Trends / Outlook for Data Literacy
Key trends for the Data Literacy are as follows:
- Semantic Layer – The semantic layer is a common, consistent representation of the data used for business intelligence used for reporting and analysis, as well as for analytics. The semantic layer is important, because it creates a common consistent way to define data in multidimensional form to ensure that queries made from and across multiple applications, including multiple business intelligence tools, can be done through one common definition, rather than having to create the data models and definitions within each tool, thus ensuring consistency and efficiency, including cost savings as well as the opportunity to improve query speed / performance.
- Automation – Increase emphasis is being placed by vendors on ease of use and automation to increase ability to scale data governance management and monitoring. This includes offering “drag and drop” interfaces to execute data-related permissions and usage management.

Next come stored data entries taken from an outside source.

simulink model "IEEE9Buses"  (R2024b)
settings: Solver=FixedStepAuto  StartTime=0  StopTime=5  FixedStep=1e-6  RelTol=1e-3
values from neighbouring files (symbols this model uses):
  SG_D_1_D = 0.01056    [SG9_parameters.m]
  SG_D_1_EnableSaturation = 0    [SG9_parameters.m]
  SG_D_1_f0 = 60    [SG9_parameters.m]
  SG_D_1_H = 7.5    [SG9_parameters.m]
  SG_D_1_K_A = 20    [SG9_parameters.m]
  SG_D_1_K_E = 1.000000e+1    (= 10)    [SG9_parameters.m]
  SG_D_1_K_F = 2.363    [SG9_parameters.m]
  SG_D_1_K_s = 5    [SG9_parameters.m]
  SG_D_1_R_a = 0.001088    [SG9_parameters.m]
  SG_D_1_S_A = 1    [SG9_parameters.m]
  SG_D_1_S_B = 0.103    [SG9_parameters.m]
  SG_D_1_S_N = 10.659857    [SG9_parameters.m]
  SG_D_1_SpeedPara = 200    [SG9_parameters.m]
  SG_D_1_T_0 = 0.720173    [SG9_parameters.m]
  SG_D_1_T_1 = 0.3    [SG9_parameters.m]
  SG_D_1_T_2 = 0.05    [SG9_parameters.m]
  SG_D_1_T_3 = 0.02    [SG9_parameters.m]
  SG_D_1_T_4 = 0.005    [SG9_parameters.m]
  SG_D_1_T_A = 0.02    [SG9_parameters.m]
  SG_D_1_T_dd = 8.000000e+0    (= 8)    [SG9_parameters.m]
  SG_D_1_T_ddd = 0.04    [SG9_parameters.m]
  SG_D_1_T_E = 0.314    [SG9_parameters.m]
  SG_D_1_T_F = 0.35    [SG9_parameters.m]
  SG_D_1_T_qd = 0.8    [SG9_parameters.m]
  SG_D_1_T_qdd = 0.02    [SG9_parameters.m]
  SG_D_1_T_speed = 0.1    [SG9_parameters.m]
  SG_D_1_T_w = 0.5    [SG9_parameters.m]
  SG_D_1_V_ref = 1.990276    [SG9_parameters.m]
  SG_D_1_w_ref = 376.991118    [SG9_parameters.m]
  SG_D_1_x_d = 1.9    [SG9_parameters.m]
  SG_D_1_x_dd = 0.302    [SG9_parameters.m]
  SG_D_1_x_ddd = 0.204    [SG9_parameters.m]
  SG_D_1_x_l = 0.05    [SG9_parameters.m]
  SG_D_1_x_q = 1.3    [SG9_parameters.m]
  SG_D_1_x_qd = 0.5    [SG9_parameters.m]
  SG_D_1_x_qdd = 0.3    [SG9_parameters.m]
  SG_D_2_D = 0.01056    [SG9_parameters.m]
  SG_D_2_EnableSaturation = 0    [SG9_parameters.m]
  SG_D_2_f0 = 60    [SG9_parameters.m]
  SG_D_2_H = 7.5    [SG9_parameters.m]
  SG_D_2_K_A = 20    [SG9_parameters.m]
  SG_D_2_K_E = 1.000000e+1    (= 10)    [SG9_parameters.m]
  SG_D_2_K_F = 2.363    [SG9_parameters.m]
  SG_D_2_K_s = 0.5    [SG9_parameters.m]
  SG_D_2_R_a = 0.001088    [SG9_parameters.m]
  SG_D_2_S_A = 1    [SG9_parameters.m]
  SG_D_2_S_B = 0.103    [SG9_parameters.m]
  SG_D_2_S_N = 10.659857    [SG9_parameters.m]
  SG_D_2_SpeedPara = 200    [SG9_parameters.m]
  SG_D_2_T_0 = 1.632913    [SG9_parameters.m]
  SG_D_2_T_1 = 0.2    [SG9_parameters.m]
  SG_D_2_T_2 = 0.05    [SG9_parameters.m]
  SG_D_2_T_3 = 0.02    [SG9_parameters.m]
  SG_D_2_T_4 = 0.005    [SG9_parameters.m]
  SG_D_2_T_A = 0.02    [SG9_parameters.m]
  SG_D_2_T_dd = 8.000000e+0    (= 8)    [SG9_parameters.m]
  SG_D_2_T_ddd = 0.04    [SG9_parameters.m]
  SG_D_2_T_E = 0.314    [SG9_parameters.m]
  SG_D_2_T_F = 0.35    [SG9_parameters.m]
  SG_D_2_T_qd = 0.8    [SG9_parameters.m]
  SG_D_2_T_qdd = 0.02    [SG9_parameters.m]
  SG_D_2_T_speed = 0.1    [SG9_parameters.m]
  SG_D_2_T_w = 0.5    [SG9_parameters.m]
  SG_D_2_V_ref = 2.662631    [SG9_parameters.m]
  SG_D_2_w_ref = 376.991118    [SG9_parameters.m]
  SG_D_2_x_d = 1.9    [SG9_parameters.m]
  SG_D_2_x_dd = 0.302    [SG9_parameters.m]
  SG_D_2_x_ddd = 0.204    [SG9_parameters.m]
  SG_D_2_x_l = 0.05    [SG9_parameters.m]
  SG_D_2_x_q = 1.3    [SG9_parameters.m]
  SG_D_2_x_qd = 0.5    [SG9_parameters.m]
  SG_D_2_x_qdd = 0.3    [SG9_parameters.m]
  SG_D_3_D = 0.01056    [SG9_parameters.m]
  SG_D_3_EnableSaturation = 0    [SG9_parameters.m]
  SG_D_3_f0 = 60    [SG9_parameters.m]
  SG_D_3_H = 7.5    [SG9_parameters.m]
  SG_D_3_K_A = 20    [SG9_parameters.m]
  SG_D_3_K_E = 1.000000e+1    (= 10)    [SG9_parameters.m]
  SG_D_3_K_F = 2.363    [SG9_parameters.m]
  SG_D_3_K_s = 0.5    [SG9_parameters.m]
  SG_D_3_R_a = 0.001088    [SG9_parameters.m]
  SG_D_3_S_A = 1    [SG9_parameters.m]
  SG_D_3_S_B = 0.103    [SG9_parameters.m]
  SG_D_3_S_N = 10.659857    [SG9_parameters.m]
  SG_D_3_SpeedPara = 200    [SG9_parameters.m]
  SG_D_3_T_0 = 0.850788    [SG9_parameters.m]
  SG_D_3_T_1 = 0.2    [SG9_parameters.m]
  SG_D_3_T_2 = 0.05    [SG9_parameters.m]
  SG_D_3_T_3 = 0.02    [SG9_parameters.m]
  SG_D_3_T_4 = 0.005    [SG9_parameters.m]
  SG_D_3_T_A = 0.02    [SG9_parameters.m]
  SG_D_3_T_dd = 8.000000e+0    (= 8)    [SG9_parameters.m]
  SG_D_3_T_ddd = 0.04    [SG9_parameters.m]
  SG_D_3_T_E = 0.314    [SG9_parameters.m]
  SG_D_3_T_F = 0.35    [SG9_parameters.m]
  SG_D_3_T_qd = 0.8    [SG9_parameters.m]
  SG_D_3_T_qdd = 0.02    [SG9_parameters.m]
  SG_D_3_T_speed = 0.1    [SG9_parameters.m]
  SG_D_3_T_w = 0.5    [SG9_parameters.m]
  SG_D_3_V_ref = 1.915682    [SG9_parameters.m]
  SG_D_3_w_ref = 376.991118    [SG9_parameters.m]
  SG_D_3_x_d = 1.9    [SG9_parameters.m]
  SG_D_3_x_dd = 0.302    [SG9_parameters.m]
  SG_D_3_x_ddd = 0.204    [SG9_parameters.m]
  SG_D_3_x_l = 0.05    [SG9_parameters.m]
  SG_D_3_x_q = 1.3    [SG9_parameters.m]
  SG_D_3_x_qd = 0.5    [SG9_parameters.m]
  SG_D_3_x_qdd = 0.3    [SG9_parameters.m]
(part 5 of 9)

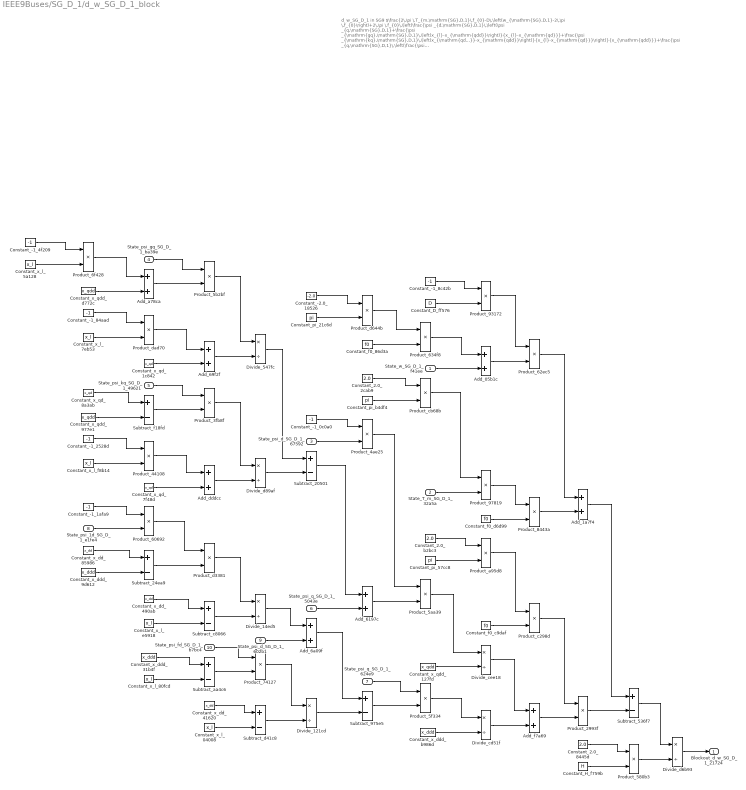
== system IEEE9Buses/SG_D_1/d_w_SG_D_1_block ==
  note: d_w_SG_D_1 in SG9
      | $\frac{2\,\pi \,T_{m,\mathrm{SG},D,1}\,f_{0}-D\,\left(w_{\mathrm{SG},D,1}-2\,\pi \,f_{0}\right)+2\,\pi \,f_{0}\,\left(\frac{\psi _{d,\mathrm{SG},D,1}\,\left(\psi _{q,\mathrm{SG},D,1}+\frac{\psi _{\mathrm{gq},\mathrm{SG},D,1}\,\left(x_{l}-x_{\mathrm{qdd}}\right)}{x_{l}-x_{\mathrm{qd}}}+\frac{\psi _{\mathrm{kq},\mathrm{SG},D,1}\,\left(x_{\mathrm{qd}}-x_{\mathrm{qdd}}\right)}{x_{l}-x_{\mathrm{qd}}}\right)}{x_{\mathrm{qdd}}}+\frac{\psi _{q,\mathrm{SG},D,1}\,\left(\frac{\psi _{\mathrm{1d},\mathrm{SG},D,1}\,\left(x_{\mathrm{dd}}-x_{\mathrm{ddd}}\right)}{x_{\mathrm{dd}}-x_{l}}-\psi _{d,\mathrm{SG},D,1}+\frac{\psi _{\mathrm{fd},\mathrm{SG},D,1}\,\left(x_{\mathrm{ddd}}-x_{l}\right)}{x_{\mathrm{dd}}-x_{l}}\right)}{x_{\mathrm{ddd}}}\right)}{2\,H}$
      | Automatically generated on 2025-09-12 21:31:18 .
  State_w_SG_D_1_f41ee : Inport
  State_T_m_SG_D_1_32a5a : Inport  Port=2
  State_psi_d_SG_D_1_67592 : Inport  Port=3
  State_psi_gq_SG_D_1_ba39e : Inport  Port=4
  State_psi_kq_SG_D_1_49621 : Inport  Port=5
  State_psi_q_SG_D_1_5043e : Inport  Port=6
  State_psi_q_SG_D_1_624e9 : Inport  Port=7
  State_psi_1d_SG_D_1_e1fe4 : Inport  Port=8
  State_psi_d_SG_D_1_602b1 : Inport  Port=9
  State_psi_fd_SG_D_1_b7bc4 : Inport  Port=10
  Add_05b1c : Sum
  Add_1a7f4 : Sum
  Add_6197c : Sum
  Add_69f2f : Sum
  Add_6a09f : Sum
  Add_a78ca : Sum
  Add_dddcc : Sum
  Add_f7a69 : Sum
  Constant_-1_0c0a0 : Constant  Value=-1
  Constant_-1_1afa9 : Constant  Value=-1
  Constant_-1_2528d : Constant  Value=-1
  Constant_-1_4f209 : Constant  Value=-1
  Constant_-1_84aad : Constant  Value=-1
  Constant_-1_8c42b : Constant  Value=-1
  Constant_-2.0_18526 : Constant  Value=-2.0
  Constant_2.0_2cab9 : Constant  Value=2.0
  Constant_2.0_8445d : Constant  Value=2.0
  Constant_2.0_b2bc3 : Constant  Value=2.0
  Constant_D_ff576 : Constant  Value=D
  Constant_H_f759b : Constant  Value=H
  Constant_f0_86d3a : Constant  Value=f0
  Constant_f0_c9daf : Constant  Value=f0
  Constant_f0_d6d99 : Constant  Value=f0
  Constant_pi_21c6d : Constant  Value=pi
  Constant_pi_57cc8 : Constant  Value=pi
  Constant_pi_b4df4 : Constant  Value=pi
  Constant_x_dd_41620 : Constant  Value=x_dd
  Constant_x_dd_490ab : Constant  Value=x_dd
  Constant_x_dd_85986 : Constant  Value=x_dd
  Constant_x_ddd_31b4f : Constant  Value=x_ddd
  Constant_x_ddd_9d612 : Constant  Value=x_ddd
  Constant_x_ddd_b986d : Constant  Value=x_ddd
  Constant_x_l_04008 : Constant  Value=x_l
  Constant_x_l_5a128 : Constant  Value=x_l
  Constant_x_l_7eb53 : Constant  Value=x_l
  Constant_x_l_80fcd : Constant  Value=x_l
  Constant_x_l_e5918 : Constant  Value=x_l
  Constant_x_l_f8b14 : Constant  Value=x_l
  Constant_x_qd_1c842 : Constant  Value=x_qd
  Constant_x_qd_7f48d : Constant  Value=x_qd
  Constant_x_qd_8a3ab : Constant  Value=x_qd
  Constant_x_qdd_127fd : Constant  Value=x_qdd
  Constant_x_qdd_977e1 : Constant  Value=x_qdd
  Constant_x_qdd_d772c : Constant  Value=x_qdd
  Divide_121cd : Product  Inputs=*/
  Divide_14ed5 : Product  Inputs=*/
  Divide_547fc : Product  Inputs=*/
  Divide_cd51f : Product  Inputs=*/
  Divide_cee18 : Product  Inputs=*/
  Divide_d6b93 : Product  Inputs=*/
  Divide_d89af : Product  Inputs=*/
  Product_2993f : Product
  Product_3fb8f : Product
  Product_{44108,60692,74127,93172,97819} (5 alike) : Product
  Product_4ae25 : Product
  Product_580b3 : Product
  Product_5aa39 : Product
  Product_5b2bf : Product
  Product_5f334 : Product
  Product_62ec5 : Product
  Product_634f8 : Product
  Product_6f428 : Product
  Product_8443a : Product
  Product_a95d8 : Product
  Product_c298d : Product
  Product_cb68b : Product
  Product_d3381 : Product
  Product_d644b : Product
  Product_dad70 : Product
  Subtract_20501 : Sum  Inputs=+-
  Subtract_24ea9 : Sum  Inputs=+-
  Subtract_536f7 : Sum  Inputs=+-
  Subtract_975e5 : Sum  Inputs=+-
  Subtract_aa4c6 : Sum  Inputs=+-
  Subtract_c8066 : Sum  Inputs=+-
  Subtract_d41c8 : Sum  Inputs=+-
  Subtract_f18fd : Sum  Inputs=+-
  Blockout_d_w_SG_D_1_21724 : Outport
  wires:
  Product_634f8/1 -> Add_05b1c/1
  Constant_-1_4f209/1 -> Product_6f428/1
  Constant_pi_b4df4/1 -> Product_cb68b/2
  Constant_x_qdd_d772c/1 -> Add_a78ca/2
  Constant_x_l_5a128/1 -> Product_6f428/2
  Product_6f428/1 -> Add_a78ca/1
  Constant_x_qd_8a3ab/1 -> Subtract_f18fd/1
  Constant_-1_84aad/1 -> Product_dad70/1
  Product_d644b/1 -> Product_634f8/1
  Constant_x_qdd_977e1/1 -> Subtract_f18fd/2
  State_psi_q_SG_D_1_624e9/1 -> Product_5f334/1
  Constant_x_l_7eb53/1 -> Product_dad70/2
  Constant_-1_2528d/1 -> Product_44108/1
  Constant_x_l_f8b14/1 -> Product_44108/2
  Constant_-1_1afa9/1 -> Product_60692/1
  Product_dad70/1 -> Add_69f2f/1
  State_psi_1d_SG_D_1_e1fe4/1 -> Product_60692/2
  Constant_x_dd_85986/1 -> Subtract_24ea9/1
  Subtract_f18fd/1 -> Product_3fb8f/2
  Constant_x_ddd_9d612/1 -> Subtract_24ea9/2
  State_psi_gq_SG_D_1_ba39e/1 -> Product_5b2bf/1
  Product_4ae25/1 -> Product_5aa39/1
  Add_a78ca/1 -> Product_5b2bf/2
  Constant_x_qd_1c842/1 -> Add_69f2f/2
  State_psi_kq_SG_D_1_49621/1 -> Product_3fb8f/1
  Constant_f0_86d3a/1 -> Product_634f8/2
  Product_44108/1 -> Add_dddcc/1
  Constant_x_dd_490ab/1 -> Subtract_c8066/1
  Constant_x_qd_7f48d/1 -> Add_dddcc/2
  Product_60692/1 -> Product_d3381/1
  Subtract_24ea9/1 -> Product_d3381/2
  Constant_x_l_e5918/1 -> Subtract_c8066/2
  Constant_x_ddd_31b4f/1 -> Subtract_aa4c6/1
  Constant_x_l_80fcd/1 -> Subtract_aa4c6/2
  State_w_SG_D_1_f41ee/1 -> Add_05b1c/2
  Divide_cee18/1 -> Add_f7a69/1
  Constant_-1_8c42b/1 -> Product_93172/1
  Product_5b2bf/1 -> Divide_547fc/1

- Observability – Recently, a host of new vendors are offering services referred to as “data observability”. Data observability is the practice of monitoring the data to understand how it is changing and being consumed. This trend, often called “dataops” closely mirrors the trend in software development called “devops” to track how applications are performing and being used to understand, anticipate and address performance gaps and improve areas proactively vs reactively.
AtScale and Data Literacy
AtScale’s semantic layer improves data literacy implementation by enabling faster insights creation via rapid data modeling for AI and BI, including performance via automated query optimization. The Semantic Layer enables development of a unified business-driven data model that defines what data can be used, including supporting specific queries that generate data for visualization. This enables ease of tracking and auditing, and ensures that all aspects of how data are defined, queried and rendered across multiple dimensions, entities, attributes and metrics, including the source data and queries made to develop output for reporting, analysis and analytics are known and tracked.